# And you thought you couldn't TT on a Domane....



## Rashadabd (Sep 17, 2011)

Dubai kicks off with Merckx-style TT | Trek Factory Racing


----------



## vs779 (Feb 22, 2005)

Rashadabd said:


> Dubai kicks off with Merckx-style TT | Trek Factory Racing


I've spent time on a Domane and I own a 7 series Madone and I feel the Domane is just as fast on the flats.


----------



## Rashadabd (Sep 17, 2011)

That's consistent with what I hear man.


----------



## nigel91 (May 16, 2012)

vs779 said:


> I've spent time on a Domane and I own a 7 series Madone and I feel the Domane is just as fast on the flats.


So much for KVF.....


----------



## vs779 (Feb 22, 2005)

nigel91 said:


> So much for KVF.....



I went with the Madone because of the KVF but a good aero position on a Domane is just as effective for a local racer IMO.


----------



## Flieger67 (Oct 26, 2013)

nigel91 said:


> So much for KVF.....


I don't know that one can say that. Given that the Domane was developed for Fabian and that he rides it for a lot of his racing, it makes sense that he'd choose it for Dubai. 

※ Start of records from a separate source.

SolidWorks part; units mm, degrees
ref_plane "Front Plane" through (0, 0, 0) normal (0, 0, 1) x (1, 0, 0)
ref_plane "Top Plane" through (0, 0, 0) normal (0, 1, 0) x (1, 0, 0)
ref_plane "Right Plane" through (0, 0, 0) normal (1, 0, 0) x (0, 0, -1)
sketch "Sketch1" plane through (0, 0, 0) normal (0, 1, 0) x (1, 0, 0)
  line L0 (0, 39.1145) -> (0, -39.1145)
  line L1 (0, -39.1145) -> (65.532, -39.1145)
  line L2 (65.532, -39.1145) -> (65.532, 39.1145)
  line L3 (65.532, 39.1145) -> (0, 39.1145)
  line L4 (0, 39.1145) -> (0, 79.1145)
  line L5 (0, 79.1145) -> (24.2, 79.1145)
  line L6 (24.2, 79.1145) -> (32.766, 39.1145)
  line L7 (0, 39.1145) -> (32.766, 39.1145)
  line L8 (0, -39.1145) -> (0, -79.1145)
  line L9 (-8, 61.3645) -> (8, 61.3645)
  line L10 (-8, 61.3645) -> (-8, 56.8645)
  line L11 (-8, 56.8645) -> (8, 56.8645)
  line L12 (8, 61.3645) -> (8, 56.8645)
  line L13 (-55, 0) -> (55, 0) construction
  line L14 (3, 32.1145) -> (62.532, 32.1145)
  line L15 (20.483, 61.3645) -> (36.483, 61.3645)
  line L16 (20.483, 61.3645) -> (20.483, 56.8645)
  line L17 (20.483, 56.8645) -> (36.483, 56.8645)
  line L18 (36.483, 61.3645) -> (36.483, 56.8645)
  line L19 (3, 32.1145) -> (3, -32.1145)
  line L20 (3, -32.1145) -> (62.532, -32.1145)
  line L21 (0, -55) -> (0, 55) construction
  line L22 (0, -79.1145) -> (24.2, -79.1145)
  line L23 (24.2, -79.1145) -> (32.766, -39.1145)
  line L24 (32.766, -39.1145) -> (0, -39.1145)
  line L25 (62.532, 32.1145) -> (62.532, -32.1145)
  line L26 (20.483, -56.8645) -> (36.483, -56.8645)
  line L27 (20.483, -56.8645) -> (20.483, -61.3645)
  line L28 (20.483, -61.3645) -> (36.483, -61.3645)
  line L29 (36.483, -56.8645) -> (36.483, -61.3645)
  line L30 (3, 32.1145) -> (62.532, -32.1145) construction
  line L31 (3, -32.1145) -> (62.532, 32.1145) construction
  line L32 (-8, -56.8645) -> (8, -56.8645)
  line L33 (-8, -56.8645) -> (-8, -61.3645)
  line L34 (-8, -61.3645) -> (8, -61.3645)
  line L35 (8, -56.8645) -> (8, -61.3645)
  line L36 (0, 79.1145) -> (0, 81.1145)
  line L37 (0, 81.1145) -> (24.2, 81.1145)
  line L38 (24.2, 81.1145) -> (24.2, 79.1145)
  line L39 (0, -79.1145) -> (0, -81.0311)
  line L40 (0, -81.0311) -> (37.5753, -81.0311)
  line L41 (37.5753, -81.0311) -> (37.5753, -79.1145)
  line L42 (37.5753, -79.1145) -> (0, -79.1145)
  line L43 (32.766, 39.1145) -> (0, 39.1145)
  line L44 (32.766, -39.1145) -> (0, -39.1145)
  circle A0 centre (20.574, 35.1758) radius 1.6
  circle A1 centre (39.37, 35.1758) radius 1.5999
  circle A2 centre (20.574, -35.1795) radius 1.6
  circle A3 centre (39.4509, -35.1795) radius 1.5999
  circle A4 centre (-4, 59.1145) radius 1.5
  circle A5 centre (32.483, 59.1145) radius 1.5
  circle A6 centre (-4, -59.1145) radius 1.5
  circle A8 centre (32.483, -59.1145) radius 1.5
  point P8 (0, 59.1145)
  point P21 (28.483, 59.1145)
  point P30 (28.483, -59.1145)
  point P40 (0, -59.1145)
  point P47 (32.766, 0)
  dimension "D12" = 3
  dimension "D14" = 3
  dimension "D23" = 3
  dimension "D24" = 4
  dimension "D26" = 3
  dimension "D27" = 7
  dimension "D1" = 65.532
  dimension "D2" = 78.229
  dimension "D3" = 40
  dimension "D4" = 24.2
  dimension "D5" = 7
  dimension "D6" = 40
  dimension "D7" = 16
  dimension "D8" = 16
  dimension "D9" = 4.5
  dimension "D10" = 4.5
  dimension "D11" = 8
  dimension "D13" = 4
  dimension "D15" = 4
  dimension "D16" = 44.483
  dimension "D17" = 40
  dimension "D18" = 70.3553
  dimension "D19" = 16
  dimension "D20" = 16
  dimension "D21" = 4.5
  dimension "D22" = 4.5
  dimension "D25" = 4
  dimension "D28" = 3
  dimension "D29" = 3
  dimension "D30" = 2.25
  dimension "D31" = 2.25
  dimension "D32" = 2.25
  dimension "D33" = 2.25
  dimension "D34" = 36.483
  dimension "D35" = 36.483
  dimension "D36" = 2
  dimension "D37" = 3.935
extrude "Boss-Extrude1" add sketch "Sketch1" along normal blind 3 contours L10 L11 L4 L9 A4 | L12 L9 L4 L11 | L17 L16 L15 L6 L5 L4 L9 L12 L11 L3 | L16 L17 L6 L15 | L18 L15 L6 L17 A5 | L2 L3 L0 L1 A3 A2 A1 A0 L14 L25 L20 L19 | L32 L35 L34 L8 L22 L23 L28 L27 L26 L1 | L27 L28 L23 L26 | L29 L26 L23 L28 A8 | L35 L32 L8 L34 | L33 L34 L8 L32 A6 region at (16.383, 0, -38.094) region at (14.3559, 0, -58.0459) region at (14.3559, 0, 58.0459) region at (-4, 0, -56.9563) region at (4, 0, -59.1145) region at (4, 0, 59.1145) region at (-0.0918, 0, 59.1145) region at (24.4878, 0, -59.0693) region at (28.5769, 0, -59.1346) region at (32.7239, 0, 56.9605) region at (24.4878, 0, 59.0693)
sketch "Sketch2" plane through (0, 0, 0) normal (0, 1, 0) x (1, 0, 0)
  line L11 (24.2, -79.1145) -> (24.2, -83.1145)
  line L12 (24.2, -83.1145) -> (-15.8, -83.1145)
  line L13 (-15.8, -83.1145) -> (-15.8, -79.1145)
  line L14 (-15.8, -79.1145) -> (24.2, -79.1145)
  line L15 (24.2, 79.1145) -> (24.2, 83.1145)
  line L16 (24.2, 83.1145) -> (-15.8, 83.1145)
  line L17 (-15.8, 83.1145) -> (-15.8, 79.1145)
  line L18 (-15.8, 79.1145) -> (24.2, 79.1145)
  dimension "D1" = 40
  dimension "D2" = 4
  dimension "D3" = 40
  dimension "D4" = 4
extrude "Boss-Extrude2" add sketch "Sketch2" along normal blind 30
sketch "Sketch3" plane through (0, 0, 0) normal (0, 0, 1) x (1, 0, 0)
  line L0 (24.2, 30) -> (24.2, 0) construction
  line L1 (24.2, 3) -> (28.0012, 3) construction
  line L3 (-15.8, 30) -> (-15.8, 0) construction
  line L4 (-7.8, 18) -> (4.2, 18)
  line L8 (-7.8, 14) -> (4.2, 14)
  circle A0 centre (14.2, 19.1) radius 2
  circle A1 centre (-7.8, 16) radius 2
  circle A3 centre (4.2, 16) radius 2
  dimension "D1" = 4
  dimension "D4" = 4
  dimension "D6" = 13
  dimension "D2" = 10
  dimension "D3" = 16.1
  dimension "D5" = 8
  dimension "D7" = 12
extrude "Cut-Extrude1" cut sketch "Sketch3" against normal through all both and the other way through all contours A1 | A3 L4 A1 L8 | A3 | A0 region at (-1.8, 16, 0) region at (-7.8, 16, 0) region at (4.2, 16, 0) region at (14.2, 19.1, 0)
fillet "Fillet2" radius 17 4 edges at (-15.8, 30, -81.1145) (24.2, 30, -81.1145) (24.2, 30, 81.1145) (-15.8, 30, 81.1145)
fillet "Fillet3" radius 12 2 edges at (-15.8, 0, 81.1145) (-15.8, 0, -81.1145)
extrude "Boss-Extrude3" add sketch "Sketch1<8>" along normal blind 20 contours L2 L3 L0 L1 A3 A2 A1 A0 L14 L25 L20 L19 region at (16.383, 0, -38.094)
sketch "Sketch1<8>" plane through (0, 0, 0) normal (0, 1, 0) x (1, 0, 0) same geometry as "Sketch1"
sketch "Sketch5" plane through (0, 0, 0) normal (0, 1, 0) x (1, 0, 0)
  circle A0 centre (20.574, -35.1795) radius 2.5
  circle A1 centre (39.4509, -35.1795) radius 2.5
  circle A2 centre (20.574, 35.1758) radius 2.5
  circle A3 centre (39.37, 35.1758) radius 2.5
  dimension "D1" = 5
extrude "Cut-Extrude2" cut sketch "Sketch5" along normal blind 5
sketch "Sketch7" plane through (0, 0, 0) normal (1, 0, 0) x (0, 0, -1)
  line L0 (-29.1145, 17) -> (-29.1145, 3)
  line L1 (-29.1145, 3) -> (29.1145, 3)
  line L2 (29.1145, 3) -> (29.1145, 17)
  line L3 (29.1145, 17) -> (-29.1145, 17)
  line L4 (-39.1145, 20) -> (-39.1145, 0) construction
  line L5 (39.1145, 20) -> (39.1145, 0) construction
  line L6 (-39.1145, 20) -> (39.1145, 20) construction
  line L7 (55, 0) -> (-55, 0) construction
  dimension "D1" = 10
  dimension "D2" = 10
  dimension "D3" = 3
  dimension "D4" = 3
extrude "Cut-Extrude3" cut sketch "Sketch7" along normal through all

The announcers for the race mentioned that there was a rule in place for Dubai that teams were going to limited to just road bikes in order to reduce the amount of equipment that the teams would need to bring to the UAE. That's why Tony Martin wasn't so pleased about the ITT on Stage 1, as he couldn't use his TT setup.


----------



## Rashadabd (Sep 17, 2011)

Flieger67 said:


> I don't know that one can say that. Given that the Domane was developed for Fabian and that he rides it for a lot of his racing, it makes sense that he'd choose it for Dubai.
> 
> The announcers for the race mentioned that there was a rule in place for Dubai that teams were going to limited to just road bikes in order to reduce the amount of equipment that the teams would need to bring to the UAE. That's why Tony Martin wasn't so pleased about the ITT on Stage 1, as he couldn't use his TT setup.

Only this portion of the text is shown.